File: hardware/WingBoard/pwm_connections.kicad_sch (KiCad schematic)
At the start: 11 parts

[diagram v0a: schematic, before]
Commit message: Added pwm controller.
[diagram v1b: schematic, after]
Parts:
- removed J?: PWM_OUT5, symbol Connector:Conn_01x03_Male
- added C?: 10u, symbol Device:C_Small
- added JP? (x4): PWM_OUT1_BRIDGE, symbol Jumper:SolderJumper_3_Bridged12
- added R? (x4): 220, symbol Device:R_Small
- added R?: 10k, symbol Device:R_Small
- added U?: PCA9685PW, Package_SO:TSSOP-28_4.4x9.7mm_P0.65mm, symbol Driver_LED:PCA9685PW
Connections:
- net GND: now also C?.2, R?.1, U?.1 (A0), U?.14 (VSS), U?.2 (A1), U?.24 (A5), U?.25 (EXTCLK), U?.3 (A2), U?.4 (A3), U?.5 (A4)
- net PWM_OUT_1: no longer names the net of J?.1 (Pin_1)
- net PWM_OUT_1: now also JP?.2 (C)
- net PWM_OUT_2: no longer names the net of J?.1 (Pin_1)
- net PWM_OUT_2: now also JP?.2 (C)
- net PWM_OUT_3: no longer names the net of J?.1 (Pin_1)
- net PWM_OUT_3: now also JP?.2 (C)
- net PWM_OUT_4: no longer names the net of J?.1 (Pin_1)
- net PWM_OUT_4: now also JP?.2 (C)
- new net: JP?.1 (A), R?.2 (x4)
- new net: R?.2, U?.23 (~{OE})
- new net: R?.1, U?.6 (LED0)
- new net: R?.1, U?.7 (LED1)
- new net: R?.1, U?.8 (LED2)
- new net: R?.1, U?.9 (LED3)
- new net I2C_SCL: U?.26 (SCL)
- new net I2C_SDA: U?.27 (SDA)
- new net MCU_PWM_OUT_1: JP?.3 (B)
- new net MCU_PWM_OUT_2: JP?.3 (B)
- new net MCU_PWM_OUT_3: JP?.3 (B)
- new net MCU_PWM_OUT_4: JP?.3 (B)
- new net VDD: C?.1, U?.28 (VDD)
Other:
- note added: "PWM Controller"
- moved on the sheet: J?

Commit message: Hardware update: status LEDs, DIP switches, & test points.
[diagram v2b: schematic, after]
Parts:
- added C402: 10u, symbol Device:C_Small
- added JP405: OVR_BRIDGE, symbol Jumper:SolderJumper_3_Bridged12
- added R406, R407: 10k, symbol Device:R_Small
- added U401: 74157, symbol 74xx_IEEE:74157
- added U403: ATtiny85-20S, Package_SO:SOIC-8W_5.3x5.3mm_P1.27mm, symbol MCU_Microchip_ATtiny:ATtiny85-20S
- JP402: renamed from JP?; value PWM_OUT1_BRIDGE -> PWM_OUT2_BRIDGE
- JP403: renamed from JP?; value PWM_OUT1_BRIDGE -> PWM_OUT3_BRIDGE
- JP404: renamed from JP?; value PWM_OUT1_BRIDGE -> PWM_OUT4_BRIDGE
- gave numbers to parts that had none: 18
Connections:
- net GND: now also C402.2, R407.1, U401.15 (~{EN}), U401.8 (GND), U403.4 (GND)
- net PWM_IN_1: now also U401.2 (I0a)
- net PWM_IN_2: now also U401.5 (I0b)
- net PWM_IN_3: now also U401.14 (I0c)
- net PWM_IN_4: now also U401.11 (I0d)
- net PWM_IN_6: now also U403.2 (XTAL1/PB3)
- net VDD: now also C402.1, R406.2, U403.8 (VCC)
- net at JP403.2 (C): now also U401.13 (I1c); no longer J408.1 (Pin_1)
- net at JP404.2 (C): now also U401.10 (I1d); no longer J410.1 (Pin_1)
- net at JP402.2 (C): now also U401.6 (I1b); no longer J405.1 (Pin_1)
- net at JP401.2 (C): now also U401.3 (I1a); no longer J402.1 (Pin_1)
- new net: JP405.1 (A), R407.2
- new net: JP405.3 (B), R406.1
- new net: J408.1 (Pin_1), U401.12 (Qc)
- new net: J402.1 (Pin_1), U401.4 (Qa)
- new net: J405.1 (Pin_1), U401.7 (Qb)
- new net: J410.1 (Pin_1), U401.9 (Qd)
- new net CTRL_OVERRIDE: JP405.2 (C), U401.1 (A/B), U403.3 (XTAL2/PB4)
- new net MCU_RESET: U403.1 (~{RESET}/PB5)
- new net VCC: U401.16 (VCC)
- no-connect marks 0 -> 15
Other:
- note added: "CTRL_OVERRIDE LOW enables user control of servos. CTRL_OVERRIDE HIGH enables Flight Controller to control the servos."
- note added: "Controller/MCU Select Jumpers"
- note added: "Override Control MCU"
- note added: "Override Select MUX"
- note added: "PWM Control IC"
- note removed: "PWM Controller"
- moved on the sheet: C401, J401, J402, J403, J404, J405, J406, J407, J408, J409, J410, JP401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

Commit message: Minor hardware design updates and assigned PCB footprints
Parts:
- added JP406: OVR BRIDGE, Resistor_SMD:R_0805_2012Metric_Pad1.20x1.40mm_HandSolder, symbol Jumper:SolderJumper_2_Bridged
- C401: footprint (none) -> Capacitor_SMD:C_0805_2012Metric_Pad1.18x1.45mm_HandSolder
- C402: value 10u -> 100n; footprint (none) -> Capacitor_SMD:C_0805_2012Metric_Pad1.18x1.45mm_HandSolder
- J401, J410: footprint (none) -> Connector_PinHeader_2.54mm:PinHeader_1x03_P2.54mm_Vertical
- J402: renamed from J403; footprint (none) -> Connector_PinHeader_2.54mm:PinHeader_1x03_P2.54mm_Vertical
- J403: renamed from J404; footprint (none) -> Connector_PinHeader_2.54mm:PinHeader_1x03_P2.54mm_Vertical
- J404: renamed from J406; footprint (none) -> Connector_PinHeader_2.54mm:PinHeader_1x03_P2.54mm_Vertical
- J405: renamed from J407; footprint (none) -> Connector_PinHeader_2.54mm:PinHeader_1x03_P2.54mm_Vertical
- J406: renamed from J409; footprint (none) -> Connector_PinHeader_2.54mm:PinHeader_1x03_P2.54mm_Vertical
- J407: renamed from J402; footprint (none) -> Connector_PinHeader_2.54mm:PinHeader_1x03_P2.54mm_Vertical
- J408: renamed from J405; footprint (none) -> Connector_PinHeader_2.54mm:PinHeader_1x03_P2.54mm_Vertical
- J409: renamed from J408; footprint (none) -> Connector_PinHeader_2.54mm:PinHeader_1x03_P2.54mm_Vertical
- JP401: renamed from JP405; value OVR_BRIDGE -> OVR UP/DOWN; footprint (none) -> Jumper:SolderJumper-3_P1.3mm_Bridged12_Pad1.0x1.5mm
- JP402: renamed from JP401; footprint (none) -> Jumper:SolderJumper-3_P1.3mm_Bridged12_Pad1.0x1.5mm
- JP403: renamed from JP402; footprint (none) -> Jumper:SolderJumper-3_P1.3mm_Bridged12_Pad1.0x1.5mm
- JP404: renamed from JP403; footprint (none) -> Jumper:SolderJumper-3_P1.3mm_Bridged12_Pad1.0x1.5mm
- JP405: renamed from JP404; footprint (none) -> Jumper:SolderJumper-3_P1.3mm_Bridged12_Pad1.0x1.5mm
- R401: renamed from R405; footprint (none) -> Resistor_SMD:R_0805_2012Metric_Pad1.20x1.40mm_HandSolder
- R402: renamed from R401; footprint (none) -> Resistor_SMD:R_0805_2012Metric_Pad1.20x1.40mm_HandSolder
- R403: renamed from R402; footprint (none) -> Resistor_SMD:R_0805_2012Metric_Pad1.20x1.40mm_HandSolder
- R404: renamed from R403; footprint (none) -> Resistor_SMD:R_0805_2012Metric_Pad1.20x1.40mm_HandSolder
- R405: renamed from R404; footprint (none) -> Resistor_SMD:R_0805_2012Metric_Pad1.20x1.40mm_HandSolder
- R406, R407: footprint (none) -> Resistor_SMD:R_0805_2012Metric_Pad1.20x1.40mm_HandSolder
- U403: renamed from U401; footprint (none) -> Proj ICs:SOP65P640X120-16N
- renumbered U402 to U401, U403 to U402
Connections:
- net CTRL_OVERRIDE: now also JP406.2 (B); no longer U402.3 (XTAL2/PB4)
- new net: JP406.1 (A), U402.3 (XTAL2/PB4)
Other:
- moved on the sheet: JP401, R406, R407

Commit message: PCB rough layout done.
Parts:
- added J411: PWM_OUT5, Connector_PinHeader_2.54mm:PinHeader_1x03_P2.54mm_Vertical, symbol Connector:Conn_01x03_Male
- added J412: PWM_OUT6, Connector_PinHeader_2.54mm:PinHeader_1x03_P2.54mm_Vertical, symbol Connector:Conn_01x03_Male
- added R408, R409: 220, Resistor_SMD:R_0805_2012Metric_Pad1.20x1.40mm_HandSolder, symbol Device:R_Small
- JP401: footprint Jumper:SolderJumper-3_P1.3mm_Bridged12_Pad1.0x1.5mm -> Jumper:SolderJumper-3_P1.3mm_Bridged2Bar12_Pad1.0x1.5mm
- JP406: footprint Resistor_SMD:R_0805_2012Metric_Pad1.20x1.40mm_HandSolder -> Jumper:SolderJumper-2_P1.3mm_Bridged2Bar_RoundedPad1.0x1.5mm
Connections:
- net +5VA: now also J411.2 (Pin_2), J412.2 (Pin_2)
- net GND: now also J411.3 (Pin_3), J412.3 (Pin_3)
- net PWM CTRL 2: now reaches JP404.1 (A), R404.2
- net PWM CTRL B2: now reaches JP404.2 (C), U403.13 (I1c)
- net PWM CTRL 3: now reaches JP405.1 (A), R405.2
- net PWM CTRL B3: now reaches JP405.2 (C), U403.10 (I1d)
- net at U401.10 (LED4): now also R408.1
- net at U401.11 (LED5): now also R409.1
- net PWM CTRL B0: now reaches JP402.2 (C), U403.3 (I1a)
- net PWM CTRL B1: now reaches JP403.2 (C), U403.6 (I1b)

********

_WORK INSTRUCTIONS_
Your task is to copy every line of the entries that contains the string "value".

_TASK SOLUTION_
- JP402: renamed from JP?; value PWM_OUT1_BRIDGE -> PWM_OUT2_BRIDGE
- JP403: renamed from JP?; value PWM_OUT1_BRIDGE -> PWM_OUT3_BRIDGE
- JP404: renamed from JP?; value PWM_OUT1_BRIDGE -> PWM_OUT4_BRIDGE
- C402: value 10u -> 100n; footprint (none) -> Capacitor_SMD:C_0805_2012Metric_Pad1.18x1.45mm_HandSolder
- JP401: renamed from JP405; value OVR_BRIDGE -> OVR UP/DOWN; footprint (none) -> Jumper:SolderJumper-3_P1.3mm_Bridged12_Pad1.0x1.5mm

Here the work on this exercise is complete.